OTTODIX  "Arca"
   (2023 )

Con Ottodix non puoi mai cavartela a buon mercato.

Parte alto, e spinge. Richiede disponibilità, esige dedizione. Va ben oltre la musica, che sembra talora un mezzo per uno scopo, atto a veicolarne la filosofia: riflessione acuta e profonda sul senso delle cose, stipata a forza nella valigia della vita.

Pubblicato per Vrec/Audioglobe, “Arca” è materia ardua: as usual, come già i due precedenti capitoli della trilogia, “Micromega” (2017) e “Entanglement” (2020), è progetto ambizioso e colto, elaborato concept sci-fi incentrato su una cosmogonia utopica e visionaria, prodromo alla costruzione di un futuro migliore (o forse solo di un futuro altro), ancorché incerto e precario. E, as usual, non si crogiola nella sua complessità: semplicemente, non conosce altra modalità espressiva se non quella che unisce - in linea tutt’altro che retta - il pensiero e la sua manifestazione.

E’ un’incessante ascesa, fieramente sfidante, pervasa da un ineludibile stato di persistente tensione intellettuale. Qual è l’impresa più improba, visto che pur sempre di un disco si tratta? Conservare intatto l’interesse per l’ascolto, pur sviscerando il tema in forme e contenuti impegnativi. Il lavoro è smisuratamente intenso, ma è anche bello? Le nude canzoni, svincolate dal contesto, funzionano di per sé?

Sì: sono sontuosamente arrangiate, prodotte con gusto, rifinite con classe, ma non è il punto centrale, e forse non ha nemmeno importanza, perché non stiamo parlando di intrattenimento tout court. Piuttosto, questa è conoscenza, filtrata attraverso strati di letteratura, filosofia, scienza, libertà della ragione. In “Arca” trovano spazio brani che assumono la forma-canzone, anche in piacevole guisa, ma l’impressione prevalente è quella di assistere ad un musical in veste di trattato (o viceversa), ad un’opera teatrale impervia fin dall’architettura – concettuale, contenutistica, grafica persino – che l’accompagna in inscindibile unità. L’idea alla base è la fuga dell’intera umanità dal mondo attuale a bordo di un’Arca 2.0 suddivisa in sei enormi distretti, ciascuno dei quali deputato ad una specifica funzione, approfondita nei sei pezzi portanti dell’album. A questi, vanno aggiunti due brani introduttivi ed uno di chiusura, oltre a sei brevi intermezzi nei quali una voce femminile recitativa introduce al prossimo distretto.

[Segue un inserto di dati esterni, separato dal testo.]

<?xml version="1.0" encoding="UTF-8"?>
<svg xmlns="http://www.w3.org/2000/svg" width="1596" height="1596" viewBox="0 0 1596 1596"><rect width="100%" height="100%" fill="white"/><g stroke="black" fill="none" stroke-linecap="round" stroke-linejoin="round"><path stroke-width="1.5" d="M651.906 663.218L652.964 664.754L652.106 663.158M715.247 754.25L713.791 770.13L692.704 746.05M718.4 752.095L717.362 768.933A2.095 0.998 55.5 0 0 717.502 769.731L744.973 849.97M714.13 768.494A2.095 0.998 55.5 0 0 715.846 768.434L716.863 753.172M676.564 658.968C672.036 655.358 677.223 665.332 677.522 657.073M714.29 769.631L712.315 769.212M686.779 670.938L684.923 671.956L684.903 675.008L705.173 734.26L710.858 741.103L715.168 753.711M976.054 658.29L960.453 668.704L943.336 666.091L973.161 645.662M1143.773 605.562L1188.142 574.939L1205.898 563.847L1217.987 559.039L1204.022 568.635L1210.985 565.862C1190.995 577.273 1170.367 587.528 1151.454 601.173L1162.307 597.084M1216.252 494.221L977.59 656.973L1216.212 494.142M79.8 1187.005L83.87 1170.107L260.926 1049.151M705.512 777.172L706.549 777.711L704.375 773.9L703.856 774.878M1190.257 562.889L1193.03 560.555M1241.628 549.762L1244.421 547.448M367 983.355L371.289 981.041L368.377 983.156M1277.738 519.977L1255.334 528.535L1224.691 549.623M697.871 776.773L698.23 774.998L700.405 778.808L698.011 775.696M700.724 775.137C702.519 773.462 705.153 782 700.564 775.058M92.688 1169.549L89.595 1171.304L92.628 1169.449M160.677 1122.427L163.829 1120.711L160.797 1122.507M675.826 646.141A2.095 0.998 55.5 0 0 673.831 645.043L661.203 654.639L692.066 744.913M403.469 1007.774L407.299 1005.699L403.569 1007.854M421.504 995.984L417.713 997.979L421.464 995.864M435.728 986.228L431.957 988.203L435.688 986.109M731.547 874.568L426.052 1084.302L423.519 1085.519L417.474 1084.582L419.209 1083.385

Superfluo ed inessenziale – forse addirittura improprio - addentrarsi in una meticolosa analisi delle singole tracce, strutturalmente figlie della new-wave, di Franco Battiato, dell’elettronica for the masses tra ’80 e ’90, ma con sonorità prodigiosamente adattate ai tempi; vano sarebbe il tentativo di sviscerare gli aspetti testuali di cui l’album è a tal punto intriso da meritare disamina a sé; pretenzioso apparirebbe sintetizzare in poche righe una narrazione che merita un ascolto immersivo, attento quanto basta a percepirne criticamente l’essenza. Suggestivo l’impianto, da brividi la summa di “Memorandom” (l’uomo senza prove/nega tutto e poi mente/come il vizio degli amanti/di giurare per sempre) così come il sovvertimento del determinismo operato in “Techne”, in equilibrio instabile tra la trappola causa-effetto (ci serviranno macchine per fare nuove macchine/pensate a loro volta per progettare macchine) e l’invocazione del libero arbitrio (ci serviranno uomini in grado di comprendere/se premere lo stop).

Alla fine, siamo tutti cosmonaufraghi migranti alla ricerca più o meno disperata – ma consapevole – di scenari futuribili, figli della Storia circolare di “Utopia” (l’esigenza di sfidare buchi neri e l’aldilà/l’incoscienza di giocare con la singolarità/oltre la quale non si ritorna/e la natura poi si deforma/spinse gli antichi per mare e i robot nello spazio) o padri del residuo sentimento agrodolce cantato nel commiato di “Simulatore” (l’immagine di te sfarfalla solo un po’/in mezzo a quegli splendidi robot/e rigenera analogiche memorie di una storia/dall’umana preistoria).

I’ve seen the future, brother: is it murder? Non è detto.

Il sottotesto non è un messaggio di speranza, non una fiduciosa ripartenza: è un salvare il salvabile, con l’augurio di non replicare nel prossimo altrove la stessa disfatta che ci attende al di qua della linea del tempo.